Not if it involves standing on one leg or kneeling unfortunately!!


----------



## Mo1959 (5 Nov 2020)

Jody said:


> You're doing it wrong. I cut down to only half a bag a day
> View attachment 556506


I can’t save half for later once I start on these!


----------



## Archie_tect (5 Nov 2020)

vickster said:


> Not if it involves standing on one leg or kneeling unfortunately!!


She seems to spend a lot of time sitting or lying down... she's particularly good at the meditation section lying on her back on the mat concentrating on breathing exercises with her eyes closed.
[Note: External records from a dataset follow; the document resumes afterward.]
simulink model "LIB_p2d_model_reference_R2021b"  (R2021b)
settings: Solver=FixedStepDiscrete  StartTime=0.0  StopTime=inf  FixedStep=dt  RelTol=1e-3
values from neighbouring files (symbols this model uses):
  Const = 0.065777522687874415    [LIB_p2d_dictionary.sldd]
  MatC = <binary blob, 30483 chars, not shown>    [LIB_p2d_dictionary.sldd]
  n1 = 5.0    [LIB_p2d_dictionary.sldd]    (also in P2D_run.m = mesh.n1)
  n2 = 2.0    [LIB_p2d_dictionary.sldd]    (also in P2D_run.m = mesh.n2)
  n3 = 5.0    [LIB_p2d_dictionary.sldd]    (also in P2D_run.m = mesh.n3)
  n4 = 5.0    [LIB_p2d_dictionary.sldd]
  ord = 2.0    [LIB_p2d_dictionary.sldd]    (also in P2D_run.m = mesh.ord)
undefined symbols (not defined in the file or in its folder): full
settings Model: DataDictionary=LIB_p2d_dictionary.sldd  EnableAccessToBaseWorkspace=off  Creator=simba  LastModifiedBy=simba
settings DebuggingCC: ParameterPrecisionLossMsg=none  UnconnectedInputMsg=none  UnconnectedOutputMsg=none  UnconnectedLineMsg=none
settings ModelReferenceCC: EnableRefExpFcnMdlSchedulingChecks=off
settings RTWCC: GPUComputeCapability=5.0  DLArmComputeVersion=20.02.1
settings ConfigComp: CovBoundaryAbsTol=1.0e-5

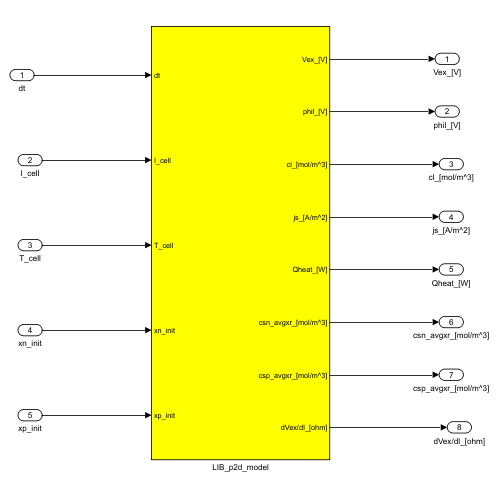
[thumbnail: Simulink's stored preview of the top-level diagram]
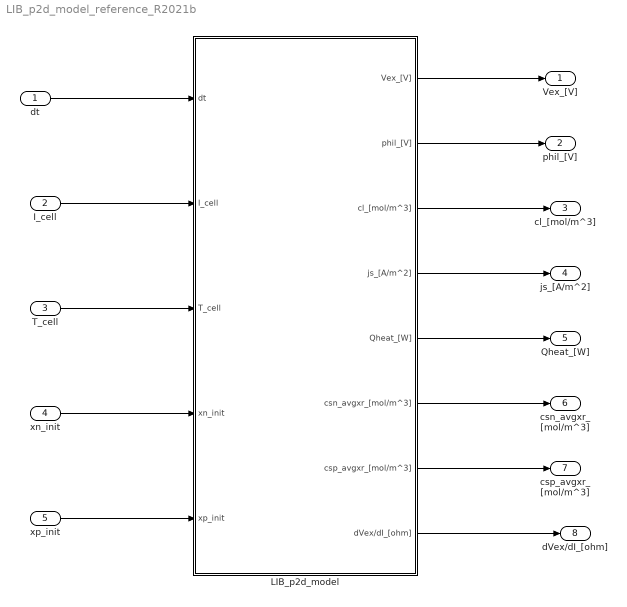
== system LIB_p2d_model_reference_R2021b ==
  dt : Inport  OutDataTypeStr=single
  I_cell : Inport  Port=2  OutDataTypeStr=single
  T_cell : Inport  Port=3  OutDataTypeStr=single
  xn_init : Inport  Port=4  OutDataTypeStr=single
  xp_init : Inport  Port=5  OutDataTypeStr=single
  LIB_p2d_model : Subsystem
  Vex_[V] : Outport
  phil_[V] : Outport  Port=2
  cl_[mol/m^3] : Outport  Port=3
  js_[A/m^2] : Outport  Port=4
  Qheat_[W] : Outport  Port=5
  csn_avgxr_[mol/m^3] : Outport  Port=6
  csp_avgxr_[mol/m^3] : Outport  Port=7
  dVex/dI_[ohm] : Outport  Port=8
  wires:
  dt/1 -> LIB_p2d_model/1(dt)
  I_cell/1 -> LIB_p2d_model/2(I_cell)
  T_cell/1 -> LIB_p2d_model/3(T_cell)
  xn_init/1 -> LIB_p2d_model/4(xn_init)
  xp_init/1 -> LIB_p2d_model/5(xp_init)
  LIB_p2d_model/1(Vex_[V]) -> Vex_[V]/1
  LIB_p2d_model/2(phil_[V]) -> phil_[V]/1
  LIB_p2d_model/3(cl_[mol/m^3]) -> cl_[mol/m^3]/1
  LIB_p2d_model/4(js_[A/m^2]) -> js_[A/m^2]/1
  LIB_p2d_model/5(Qheat_[W]) -> Qheat_[W]/1
  LIB_p2d_model/6(csn_avgxr_[mol/m^3]) -> csn_avgxr_[mol/m^3]/1
  LIB_p2d_model/7(csp_avgxr_[mol/m^3]) -> csp_avgxr_[mol/m^3]/1
  LIB_p2d_model/8(dVex/dI_[ohm]) -> dVex/dI_[ohm]/1

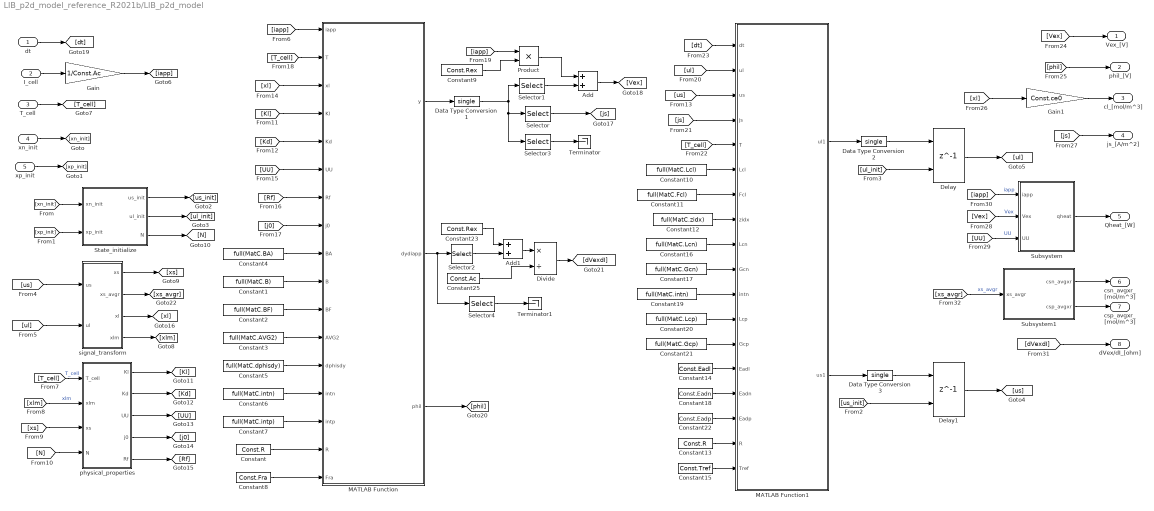
== system LIB_p2d_model_reference_R2021b/LIB_p2d_model ==
  dt : Inport
  I_cell : Inport  Port=2
  T_cell : Inport  Port=3
  xn_init : Inport  Port=4
  xp_init : Inport  Port=5
  Add : Sum
  Add1 : Sum
  Constant : Constant  Value=Const.R  OutDataTypeStr=single
  Constant1 : Constant  Value=full(MatC.B)  OutDataTypeStr=single
  Constant10 : Constant  Value=full(MatC.Lcl)  OutDataTypeStr=single
  Constant11 : Constant  Value=full(MatC.Fcl)  OutDataTypeStr=single
  Constant12 : Constant  Value=full(MatC.zidx)  OutDataTypeStr=uint8
  Constant13 : Constant  Value=Const.R  OutDataTypeStr=single
  Constant14 : Constant  Value=Const.Eadl  OutDataTypeStr=single
  Constant15 : Constant  Value=Const.Tref  OutDataTypeStr=single
  Constant16 : Constant  Value=full(MatC.Lcn)  OutDataTypeStr=single
  Constant17 : Constant  Value=full(MatC.Gcn)  OutDataTypeStr=single
  Constant18 : Constant  Value=Const.Eadn  OutDataTypeStr=single
  Constant19 : Constant  Value=full(MatC.intn)  VectorParams1D=off  OutDataTypeStr=single
  Constant2 : Constant  Value=full(MatC.BF)  OutDataTypeStr=single
  Constant20 : Constant  Value=full(MatC.Lcp)  OutDataTypeStr=single
  Constant21 : Constant  Value=full(MatC.Gcp)  OutDataTypeStr=single
  Constant22 : Constant  Value=Const.Eadp  OutDataTypeStr=single
  Constant23 : Constant  Value=Const.Rex  OutDataTypeStr=single
  Constant25 : Constant  Value=Const.Ac  OutDataTypeStr=single
  Constant3 : Constant  Value=full(MatC.AVG2)  OutDataTypeStr=single
  Constant4 : Constant  Value=full(MatC.BA)  OutDataTypeStr=single
  Constant5 : Constant  Value=full(MatC.dphisdy)  OutDataTypeStr=single
  Constant6 : Constant  Value=full(MatC.intn)  VectorParams1D=off  OutDataTypeStr=single
  Constant7 : Constant  Value=full(MatC.intp)  VectorParams1D=off  OutDataTypeStr=single
  Constant8 : Constant  Value=Const.Fra  OutDataTypeStr=single
  Constant9 : Constant  Value=Const.Rex  OutDataTypeStr=single
  Data Type Conversion1 : DataTypeConversion  OutDataTypeStr=single
  Data Type Conversion2 : DataTypeConversion  OutDataTypeStr=single
  Data Type Conversion3 : DataTypeConversion  OutDataTypeStr=single
  Delay : Delay  DelayLength=1  InitialConditionSource=Input port  InitialCondition=0
      settings: InputPortMap=u0,p4
  Delay1 : Delay  DelayLength=1  InitialConditionSource=Input port  InitialCondition=0
      settings: InputPortMap=u0,p4
  Divide : Product  Inputs=*/
  Gain : Gain  Gain=1/Const.Ac
  Gain1 : Gain  Gain=Const.ce0
  MATLAB Function : MATLAB Function  TreatAsAtomicUnit=on
  MATLAB Function1 : MATLAB Function  TreatAsAtomicUnit=on
  Product : Product
  Selector : Selector  IndexOptions=Index vector (dialog)  Indices=1:n1+n3  OutputSizes=1
  Selector1 : Selector  IndexOptions=Index vector (dialog)  Indices=n1+n3+2  OutputSizes=1
  Selector2 : Selector  IndexOptions=Index vector (dialog)  Indices=n1+n3+2  OutputSizes=1
  Selector3 : Selector  IndexOptions=Index vector (dialog)  Indices=n1+n3+3  OutputSizes=1
  Selector4 : Selector  IndexOptions=Index vector (dialog)  Indices=n1+n3+3  OutputSizes=1
  State_initialize : Subsystem
  Subsystem : Subsystem
  Subsystem1 : Subsystem
  Terminator : Terminator
  Terminator1 : Terminator
  physical_properties : Subsystem
  signal_transform : Subsystem
  Vex_[V] : Outport
  phil_[V] : Outport  Port=2
  cl_[mol/m^3] : Outport  Port=3
  js_[A/m^2] : Outport  Port=4
  Qheat_[W] : Outport  Port=5
  csn_avgxr_[mol/m^3] : Outport  Port=6
  csp_avgxr_[mol/m^3] : Outport  Port=7
  dVex/dI_[ohm] : Outport  Port=8
  wires:
  xn_init/1 -> [xn_init]
  xp_init/1 -> [xp_init]
  [xn_init] -> State_initialize/1(xn_init)
  [xp_init] -> State_initialize/2(xp_init)
  State_initialize/1(us_init) -> [us_init]
  State_initialize/2(ul_init) -> [ul_init]
  [us_init] -> Delay1/2
  [ul_init] -> Delay/2
  [us] -> signal_transform/1(us)
  [ul] -> signal_transform/2(ul)
  I_cell/1 -> Gain/1
  Gain/1 -> [iapp]
  T_cell/1 -> [T_cell]
  signal_transform/4(xlm) -> [xlm]
  [T_cell] -> physical_properties/1(T_cell)  "T_cell"
  [xlm] -> physical_properties/2(xlm)  "xlm"
  signal_transform/1(xs) -> [xs]
  [xs] -> physical_properties/3(xs)
  State_initialize/3(N) -> [N]
  [N] -> physical_properties/4(N)
  physical_properties/1(Kl) -> [Kl]
  physical_properties/2(Kd) -> [Kd]
  physical_properties/3(UU) -> [UU]
  physical_properties/4(j0) -> [j0]
  physical_properties/5(Rf) -> [Rf]
  [iapp] -> MATLAB Function/1(iapp)
  [Kl] -> MATLAB Function/4(Kl)
  Constant4/1 -> MATLAB Function/9(BA)
  Constant1/1 -> MATLAB Function/10(B)
  MATLAB Function/1(y) -> Data Type Conversion1/1
  Constant2/1 -> MATLAB Function/11(BF)
  [Kd] -> MATLAB Function/5(Kd)
  Constant3/1 -> MATLAB Function/12(AVG2)
  signal_transform/3(xl) -> [xl]
  [xl] -> MATLAB Function/3(xl)
  [UU] -> MATLAB Function/6(UU)
  Constant5/1 -> MATLAB Function/13(dphisdy)
  [Rf] -> MATLAB Function/7(Rf)
  Constant6/1 -> MATLAB Function/14(intn)
  Constant7/1 -> MATLAB Function/15(intp)
  [j0] -> MATLAB Function/8(j0)
  [T_cell] -> MATLAB Function/2(T)
  Constant/1 -> MATLAB Function/16(R)
  Constant8/1 -> MATLAB Function/17(Fra)
  Selector/1 -> [js]
  Constant9/1 -> Product/2
  [iapp] -> Product/1
  Product/1 -> Add/1
  Selector1/1 -> Add/2
  Add/1 -> [Vex]
  [ul] -> MATLAB Function1/2(ul)
  [us] -> MATLAB Function1/3(us)
  [js] -> MATLAB Function1/4(js)
  [T_cell] -> MATLAB Function1/5(T)
  Constant10/1 -> MATLAB Function1/6(Lcl)
  Constant11/1 -> MATLAB Function1/7(Fcl)
  Constant12/1 -> MATLAB Function1/8(zidx)
  Constant13/1 -> MATLAB Function1/17(R)
  Constant14/1 -> MATLAB Function1/14(Eadl)
  Constant15/1 -> MATLAB Function1/18(Tref)
  Constant16/1 -> MATLAB Function1/9(Lcn)
  Constant17/1 -> MATLAB Function1/10(Gcn)
  [dt] -> MATLAB Function1/1(dt)
  dt/1 -> [dt]
  Constant18/1 -> MATLAB Function1/15(Eadn)
  Constant19/1 -> MATLAB Function1/11(intn)
  Constant21/1 -> MATLAB Function1/13(Gcp)
  Constant20/1 -> MATLAB Function1/12(Lcp)
  Constant22/1 -> MATLAB Function1/16(Eadp)
  MATLAB Function1/1(ul1) -> Data Type Conversion2/1
  Delay/1 -> [ul]
  MATLAB Function1/2(us1) -> Data Type Conversion3/1
  Delay1/1 -> [us]
  Data Type Conversion1/1 -> Selector3/1, Selector/1, Selector1/1
  Data Type Conversion2/1 -> Delay/1
  Data Type Conversion3/1 -> Delay1/1
  [Vex] -> Vex_[V]/1
  MATLAB Function/3(phil) -> [phil]
  [phil] -> phil_[V]/1
  [xl] -> Gain1/1
  Gain1/1 -> cl_[mol/m^3]/1
  [js] -> js_[A/m^2]/1
  [iapp] -> Subsystem/1(iapp)  "iapp"
  [Vex] -> Subsystem/2(Vex)  "Vex"
  [UU] -> Subsystem/3(UU)  "UU"
  Subsystem/1(qheat) -> Qheat_[W]/1
  signal_transform/2(xs_avgr) -> [xs_avgr]
  [xs_avgr] -> Subsystem1/1(xs_avgr)  "xs_avgr"
  Subsystem1/1(csn_avgxr) -> csn_avgxr_[mol/m^3]/1
  Subsystem1/2(csp_avgxr) -> csp_avgxr_[mol/m^3]/1
  Selector2/1 -> Add1/2
  Constant23/1 -> Add1/1
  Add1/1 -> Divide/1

I must have a go.

Her Zoom class does collapse in hysterics [they are all ladies of a certain age] when pressure on abdomens is released inadvertently...


----------



## annedonnelly (5 Nov 2020)

Archie_tect said:


> Handy for what...


Dunno, I forgot...


----------



## sheddy (5 Nov 2020)

Snacks: prepared processed foods are (probably) deliberately formulated to keep you wanting more.


----------



## ColinJ (5 Nov 2020)

Ridgeway said:


> How have others strengthened their will power, what motivated you enough to "just say no" (any Zammo fans) and how do i go cold turkey on Wotsits and Penguins


3 weeks at home becoming desperately ill, 9 days in hospital, and a further 2 years of recovery did the trick for me! 

Booze was my original weakness but I haven't touched it since. I replaced that with a chocolate habit... It took me 6 months to replace the 125-150 g of choc a night habit with a 6 Bakewell tarts a night habit... That got replaced with a Brazil nuts/raisins plus 0.25 L of OJ with sparkling mineral water habit... Now my nightly treat is generally a mug of tea and/or a bottle of chilled tap water

After 8 years I _finally_... don't drink booze, don't buy chocolate**, don't buy cake**, don't buy nuts/raisins**, don't drink OJ**.

My weight is still slowly falling even though I have only done about 25% of my usual cycling distance this year.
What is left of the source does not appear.